■ **DATA FOR REVIEW**:
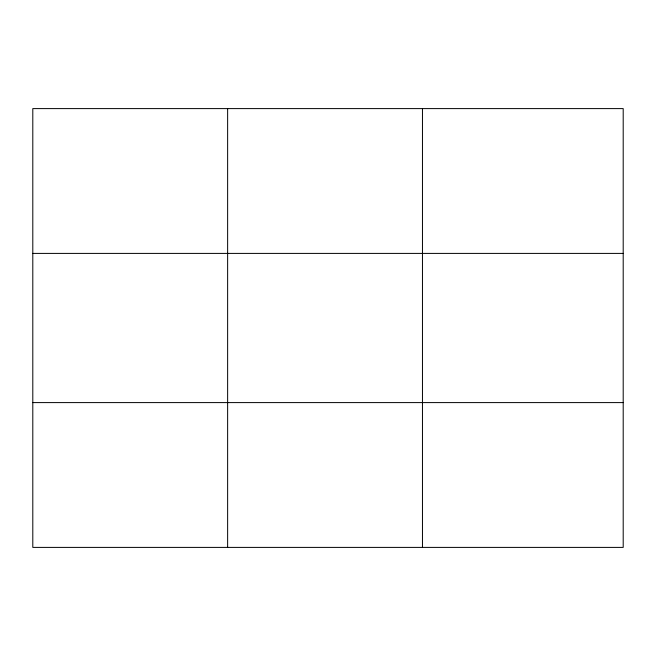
<?xml version="1.0" encoding="UTF-8"?>
<svg xmlns="http://www.w3.org/2000/svg" width="656" height="656" viewBox="0 0 656 656"><rect width="100%" height="100%" fill="white"/><g stroke="black" fill="none" stroke-linecap="round" stroke-linejoin="round"><path stroke-width="0.98" d="M227.632 547.399L227.632 108.601M422.464 547.399L422.464 108.601M623.2 253.405L623.2 108.601L32.8 108.601L32.8 547.399L623.2 547.399L623.2 253.405L32.8 253.405M32.8 402.595L623.2 402.595"/></g></svg>
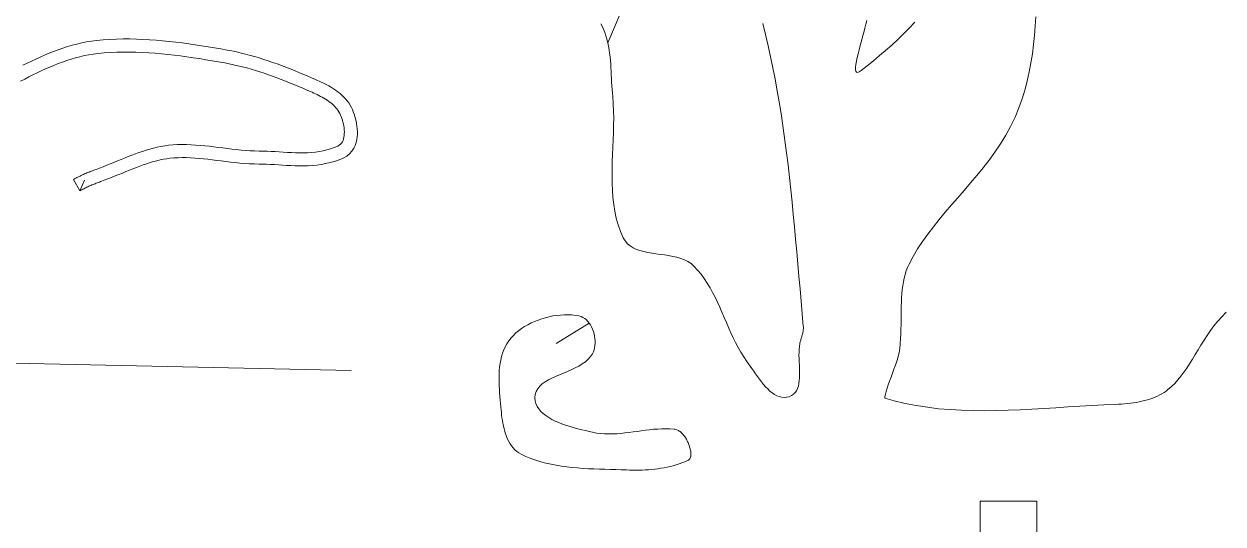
# Model space of a CAD drawing. Header units: inches. Extents: x -12 to 23, y -13.2 to 21.7.
# Drawn here: x 2.06 to 4.931, y 3.716 to 4.913 of the extents above; entities that cross this region are included whole.
import ezdxf

# ---------------------------------------------------------------- set-up
doc = ezdxf.new("R2010")
doc.units = ezdxf.units.IN
doc.header["$MEASUREMENT"] = 0
doc.layers.get('0').update_dxf_attribs({"lineweight": 0})

msp = doc.modelspace()

# ---------------------------------------------------------------- linework, layer by layer
at = {"color": 30, "linetype": 'Continuous', "lineweight": 0, "true_color": 0xff7e00}
for p, q in [((3.4581, 4.8682), (3.5482, 5.0801)), ((3.4138, 4.197), (3.3343, 4.1477))]:
    msp.add_line(p, q, dxfattribs=at)
at = {"color": 7, "linetype": 'Continuous', "lineweight": 0}
for p, q in [((4.483, 4.93), (4.4817, 4.908)), ((4.48, 4.8859), (4.4777, 4.8639)), ((4.4817, 4.908), (4.48, 4.8859)), ((4.4777, 4.8639), (4.4749, 4.8419)), ((4.4749, 4.8419), (4.4714, 4.8201)), ((4.4672, 4.7983), (4.4623, 4.7766)), ((4.4714, 4.8201), (4.4672, 4.7983)), ((4.4623, 4.7766), (4.4567, 4.755)), ((4.4567, 4.755), (4.4501, 4.7337)), ((4.4427, 4.7123), (4.4334, 4.6897)), ((4.4501, 4.7337), (4.4427, 4.7123)), ((4.4334, 4.6897), (4.4228, 4.6677)), ((4.4228, 4.6677), (4.4112, 4.6466)), ((4.3986, 4.6262), (4.3852, 4.6064)), ((4.4112, 4.6466), (4.3986, 4.6262)), ((4.3852, 4.6064), (4.3711, 4.5873)), ((4.3566, 4.5686), (4.3417, 4.5503)), ((4.3711, 4.5873), (4.3566, 4.5686)), ((4.3417, 4.5503), (4.3266, 4.5324)), ((4.3113, 4.5147), (4.2961, 4.4971)), ((4.3266, 4.5324), (4.3113, 4.5147)), ((4.281, 4.4798), (4.2662, 4.4625)), ((4.2961, 4.4971), (4.281, 4.4798)), ((4.2662, 4.4625), (4.2518, 4.4451)), ((4.2378, 4.4277), (4.2245, 4.4102)), ((4.2518, 4.4451), (4.2378, 4.4277)), ((4.2245, 4.4102), (4.2119, 4.3925)), ((4.2001, 4.3745), (4.1893, 4.3563)), ((4.2119, 4.3925), (4.2001, 4.3745)), ((4.1795, 4.3377), (4.1759, 4.3298)), ((4.1893, 4.3563), (4.1795, 4.3377)), ((4.1702, 4.3133), (4.168, 4.3047)), ((4.1728, 4.3217), (4.1702, 4.3133)), ((4.1759, 4.3298), (4.1728, 4.3217)), ((4.1646, 4.2865), (4.1634, 4.2771)), ((4.1661, 4.2958), (4.1646, 4.2865)), ((4.168, 4.3047), (4.1661, 4.2958)), ((4.1618, 4.2573), (4.1613, 4.2471)), ((4.1624, 4.2673), (4.1618, 4.2573)), ((4.1634, 4.2771), (4.1624, 4.2673)), ((4.1607, 4.2261), (4.1606, 4.2153)), ((4.1609, 4.2367), (4.1607, 4.2261)), ((4.1613, 4.2471), (4.1609, 4.2367)), ((4.9282, 4.2123), (4.9385, 4.2227)), ((4.1603, 4.1934), (4.1601, 4.1822)), ((4.1605, 4.2044), (4.1603, 4.1934)), ((4.1606, 4.2153), (4.1605, 4.2044)), ((4.9096, 4.1902), (4.9185, 4.2014)), ((4.9185, 4.2014), (4.9282, 4.2123)), ((-0.9596, 4.1687), (2.8433, 4.083)), ((4.1597, 4.1709), (4.1591, 4.1595)), ((4.1601, 4.1822), (4.1597, 4.1709)), ((4.8858, 4.1558), (4.8933, 4.1673)), ((4.8933, 4.1673), (4.9012, 4.1789)), ((4.9012, 4.1789), (4.9096, 4.1902)), ((4.1571, 4.1361), (4.1555, 4.1262)), ((4.1583, 4.148), (4.1571, 4.1361)), ((4.1591, 4.1595), (4.1583, 4.148)), ((4.8715, 4.1327), (4.8785, 4.1442)), ((4.8785, 4.1442), (4.8858, 4.1558)), ((4.1502, 4.106), (4.1469, 4.0961)), ((4.1531, 4.116), (4.1502, 4.106)), ((4.1555, 4.1262), (4.1531, 4.116)), ((4.8511, 4.0995), (4.8579, 4.1103)), ((4.8579, 4.1103), (4.8647, 4.1214)), ((4.8647, 4.1214), (4.8715, 4.1327)), ((4.1434, 4.0864), (4.1398, 4.0767)), ((4.1469, 4.0961), (4.1434, 4.0864)), ((4.8303, 4.0697), (4.8373, 4.0791)), ((4.8373, 4.0791), (4.8443, 4.0891)), ((4.8443, 4.0891), (4.8511, 4.0995)), ((4.1297, 4.0494), (4.1269, 4.0412)), ((4.1328, 4.0582), (4.1297, 4.0494)), ((4.1363, 4.0673), (4.1328, 4.0582)), ((4.1398, 4.0767), (4.1363, 4.0673)), ((4.8077, 4.0447), (4.8155, 4.0524)), ((4.8155, 4.0524), (4.823, 4.0607)), ((4.823, 4.0607), (4.8303, 4.0697)), ((4.1219, 4.0211), (4.1215, 4.017)), ((4.1229, 4.0268), (4.1219, 4.0211)), ((4.1246, 4.0335), (4.1229, 4.0268)), ((4.1269, 4.0412), (4.1246, 4.0335)), ((4.7625, 4.0172), (4.7684, 4.0196)), ((4.7684, 4.0196), (4.7742, 4.0221)), ((4.7742, 4.0221), (4.7797, 4.0248)), ((4.7797, 4.0248), (4.785, 4.0277)), ((4.785, 4.0277), (4.7901, 4.0308)), ((4.7901, 4.0308), (4.795, 4.0341)), ((4.795, 4.0341), (4.7995, 4.0376)), ((4.7995, 4.0376), (4.8077, 4.0447)), ((4.1215, 4.017), (4.1442, 4.0105)), ((4.1442, 4.0105), (4.1703, 4.0044)), ((4.1703, 4.0044), (4.1967, 3.9993)), ((4.1967, 3.9993), (4.2234, 3.9952)), ((4.2234, 3.9952), (4.2504, 3.992)), ((4.2504, 3.992), (4.2776, 3.9897)), ((4.4452, 3.9893), (4.4736, 3.9908)), ((4.4736, 3.9908), (4.5022, 3.9924)), ((4.5022, 3.9924), (4.5308, 3.9942)), ((4.5308, 3.9942), (4.5595, 3.9961)), ((4.5595, 3.9961), (4.5882, 3.9979)), ((4.5882, 3.9979), (4.6169, 3.9996)), ((4.6169, 3.9996), (4.6457, 4.0011)), ((4.6457, 4.0011), (4.6742, 4.0023)), ((4.6742, 4.0023), (4.6814, 4.0026)), ((4.6814, 4.0026), (4.6885, 4.003)), ((4.6885, 4.003), (4.6956, 4.0035)), ((4.6956, 4.0035), (4.7026, 4.0042)), ((4.7026, 4.0042), (4.7096, 4.005)), ((4.7096, 4.005), (4.7166, 4.006)), ((4.7166, 4.006), (4.7235, 4.0071)), ((4.7235, 4.0071), (4.7303, 4.0083)), ((4.7303, 4.0083), (4.737, 4.0098)), ((4.737, 4.0098), (4.7436, 4.0114)), ((4.7436, 4.0114), (4.7501, 4.0131)), ((4.7501, 4.0131), (4.7564, 4.0151)), ((4.7564, 4.0151), (4.7625, 4.0172)), ((4.2776, 3.9897), (4.3051, 3.9882)), ((4.3051, 3.9882), (4.3327, 3.9873)), ((4.3327, 3.9873), (4.3606, 3.9871)), ((4.3606, 3.9871), (4.3886, 3.9874)), ((4.3886, 3.9874), (4.4168, 3.9882)), ((4.4168, 3.9882), (4.4452, 3.9893)), ((4.4853, 3.7703), (4.3501, 3.7703)), ((4.3501, 3.7703), (4.3501, 3.4237)), ((4.4853, 3.4237), (4.4853, 3.7703))]:
    msp.add_line(p, q, dxfattribs=at)
at = {"color": 7, "linetype": 'Continuous', "lineweight": 0, "flags": 128}
for points in [[(3.4415, 4.9134), (3.4445, 4.9083), (3.448, 4.9005), (3.4511, 4.8926), (3.4538, 4.8846), (3.4561, 4.8764), (3.4581, 4.8682), (3.4599, 4.8599), (3.4613, 4.8514), (3.4625, 4.8429), (3.4635, 4.8344), (3.4644, 4.8258), (3.4651, 4.8171), (3.4656, 4.8085), (3.4661, 4.7998), (3.4666, 4.7911), (3.467, 4.7823), (3.4674, 4.7737), (3.4679, 4.765), (3.4685, 4.7564), (3.4691, 4.7478), (3.4699, 4.7392), (3.4712, 4.7223), (3.472, 4.7052), (3.4723, 4.688), (3.4722, 4.6707), (3.4717, 4.6533), (3.4711, 4.6359), (3.4704, 4.6184), (3.4696, 4.601), (3.4689, 4.5836), (3.4685, 4.5662), (3.4683, 4.5489), (3.4685, 4.5318), (3.4691, 4.5147), (3.4704, 4.4978), (3.4723, 4.4811), (3.4749, 4.4646), (3.4785, 4.4483), (3.483, 4.4323), (3.4885, 4.4166), (3.4952, 4.4011), (3.4997, 4.3935), (3.5052, 4.3871), (3.5116, 4.3817), (3.5188, 4.3772), (3.5267, 4.3735), (3.5352, 4.3705), (3.5443, 4.368), (3.5537, 4.366), (3.5635, 4.3643), (3.5735, 4.3629), (3.5836, 4.3615), (3.5938, 4.3601), (3.6039, 4.3585), (3.6138, 4.3567), (3.6235, 4.3545), (3.6328, 4.3517), (3.6416, 4.3484), (3.6498, 4.3443), (3.6575, 4.3394), (3.6643, 4.3335), (3.6732, 4.324), (3.6814, 4.314), (3.6891, 4.3036), (3.6962, 4.2929), (3.7029, 4.2817), (3.7091, 4.2703), (3.7151, 4.2587), (3.7207, 4.2468), (3.7262, 4.2348), (3.7315, 4.2227), (3.7368, 4.2105), (3.742, 4.1982), (3.7473, 4.186), (3.7527, 4.1739), (3.7583, 4.1619), (3.7641, 4.1501), (3.7702, 4.1384), (3.7767, 4.1271), (3.7837, 4.116), (3.7911, 4.1052), (3.7951, 4.0997), (3.7991, 4.0939), (3.8033, 4.0878), (3.8076, 4.0815), (3.812, 4.0751), (3.8166, 4.0687), (3.8212, 4.0623), (3.826, 4.0561), (3.8309, 4.0501), (3.8359, 4.0444), (3.841, 4.0391), (3.8463, 4.0342), (3.8516, 4.0299), (3.8571, 4.0261), (3.8627, 4.0231), (3.8684, 4.0208), (3.8743, 4.0193), (3.8803, 4.0187), (3.8863, 4.0192), (3.8925, 4.0207), (3.8982, 4.0232), (3.903, 4.0264), (3.9069, 4.0304), (3.9101, 4.0351), (3.9126, 4.0403), (3.9144, 4.0461), (3.9158, 4.0524), (3.9167, 4.0591), (3.9172, 4.0661), (3.9174, 4.0734), (3.9173, 4.0809), (3.9171, 4.0885), (3.9168, 4.0963), (3.9164, 4.1041), (3.9161, 4.1118), (3.9159, 4.1194), (3.916, 4.1269), (3.9162, 4.1341), (3.9169, 4.141), (3.9179, 4.1475), (3.9183, 4.1496), (3.9189, 4.1517), (3.9194, 4.1538), (3.92, 4.1559), (3.9206, 4.1581), (3.9212, 4.1602), (3.9218, 4.1623), (3.9225, 4.1644), (3.9231, 4.1665), (3.9237, 4.1686), (3.9242, 4.1707), (3.9248, 4.1728), (3.9252, 4.1749), (3.9256, 4.177), (3.926, 4.1791), (3.9263, 4.1812), (3.9264, 4.1834), (3.9265, 4.1855), (3.9265, 4.1876), (3.9263, 4.1898), (3.9263, 4.1898), (3.9263, 4.1898), (3.9263, 4.1898), (3.9263, 4.1898), (3.9236, 4.2194), (3.921, 4.2491), (3.9184, 4.2788), (3.9158, 4.3085), (3.9132, 4.3382), (3.9106, 4.3679), (3.9079, 4.3976), (3.9052, 4.4273), (3.9024, 4.457), (3.8995, 4.4866), (3.8964, 4.5163), (3.8932, 4.5459), (3.8898, 4.5755), (3.8861, 4.605), (3.8823, 4.6345), (3.8782, 4.664), (3.8738, 4.6935), (3.8691, 4.7229), (3.8641, 4.7522), (3.8587, 4.7815), (3.8535, 4.8081), (3.8479, 4.8347), (3.8419, 4.8612), (3.8357, 4.8876), (3.8291, 4.914)], [(4.0786, 4.9214), (4.0764, 4.9124), (4.0738, 4.9028), (4.0711, 4.8928), (4.0682, 4.8825), (4.0653, 4.8721), (4.0625, 4.8617), (4.0598, 4.8515), (4.0573, 4.8418), (4.0551, 4.8326), (4.0533, 4.8241), (4.0521, 4.8164), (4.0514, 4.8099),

■ **TASK INSTRUCTIONS**:
Lines that contain "ezdxf" are to be copied from the records above.

■ **RESULT FOR THIS TASK**:
import ezdxf
doc = ezdxf.new("R2010")
doc.units = ezdxf.units.IN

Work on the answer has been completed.